В-третьих Че проявлял полное безразличие к догматическим разногласиям между представителями различных течений марксизма. Самому ему был, конечно, ближе по духу маоизм с его ставкой на крестьянскую партизанскую войну, но при этом он сотрудничал со всеми, кто мог оказаться полезным в деле разжигания партизанской войны в Латинской Америке, в том числе и с троцкистами, что вызывало раздражение у просоветски настроенных коммунистов. Поддерживал он контакт и со свергнутым лидером Аргентины Пероном, бывшим во многих отношениях последователем Муссолини. Начавшаяся повсеместно революция должна была, по мысли Че, примирить поссорившиеся к тому времени СССР и Китай.
После победы на Кубе, мечтая совершить революцию в Аргентине, он направил туда небольшой отряд добровольцев во главе с журналистом Мазетти, поставив перед ним задачу создать на севере страны партизанскую базу. Мазетти был весьма примечательной личностью, ранее он являлся активистом неофашистской организации – Националистического освободительного движения. Однако партизанский лидер из журналиста оказался никудышный. В своем маленьком отряде он установил порядок, напоминающий «Народную расправу» Нечаева: чтобы проверить на прочность одних, заставлял их убивать других, проявивших слабину. Увлекшись расправами, Мазетти забыл основное правило партизана, что надо как можно чаще менять свое местоположение, и вскоре его отряд был обнаружен и разгромлен правительственными силами, а сам он пропал без вести. До сих пор о судьбе команданте Сегундо (таково было партизанское прозвище Мазетти) выдвигают разные гипотезы. Когда Че Гевара узнал, что все его надежды на начало партизанской борьба в Аргентине рухнули, он был потрясен. Именно фиаско Мазетти побудило его отправиться в Боливию, где он рассчитывал взять дело континентальной революции в свои руки.Боливийская компартия сумела накануне что-то получить на выборах, и тепленькие места в парламенте манили ее руководство больше, чем перспектива бегать с винтовкой по горам и джунглям. Такую позицию боливийцев поддержали и советские товарищи. Однако, не желая ссориться с кубинцами, Монхе (лидер коммунистов Боливии) занял двуличную позицию. Бойцам Че Гевары он говорил, что готов вступить рядовым в их отряд, а сам тем временем посоветовал своим приближенным затаиться и не вступать в какие-либо контакты с людьми Че, опасаясь, что участие коммунистов в партизанской войне обрушит на компартию репрессии. Оставшись без поддержки из городов, партизаны были обречены, и поэтому вдова Че Гевары Алейда Марч считает «этого уродливого индейца» (Монхе) виноватым в смерти ее мужа. Сам Монхе, кстати, вскоре после описываемых событий эмигрировал и жил (возможно, живет до сих пор) в Москве…
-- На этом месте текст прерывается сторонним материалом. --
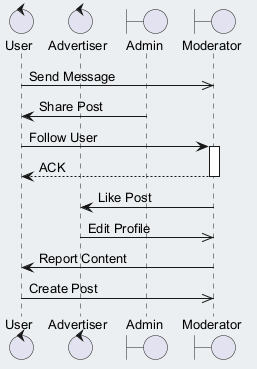

The diagram above was rendered by PlantUML. Its source (embedded in the PNG):
@startuml
skinparam backgroundColor #ECEFF1
skinparam classBackgroundColor #FFFFFF
skinparam classBorderColor #455A64
skinparam defaultFontSize 13
control "User" as U
control "Advertiser" as A
boundary "Admin" as A2
boundary "Moderator" as M
U ->> M : Send Message
A2 -> U : Share Post
U -> M : Follow User
activate M
M --> U : ACK
deactivate M
M -> A : Like Post
A ->> M : Edit Profile
M -> U : Report Content
U ->> M : Create Post
@enduml

В конце своей жизни Карл Шмитт написал книгу «Теория партизана», в которой Партизан вступает как эсхатологическая фигура, переступающий через все границы и правила непримиримый противник Системы. И можно сказать, что в наибольшей мере архетипу Партизана соответствует бывший порождением вулканической почвы Латинской Америки образ легендарного команданте Че.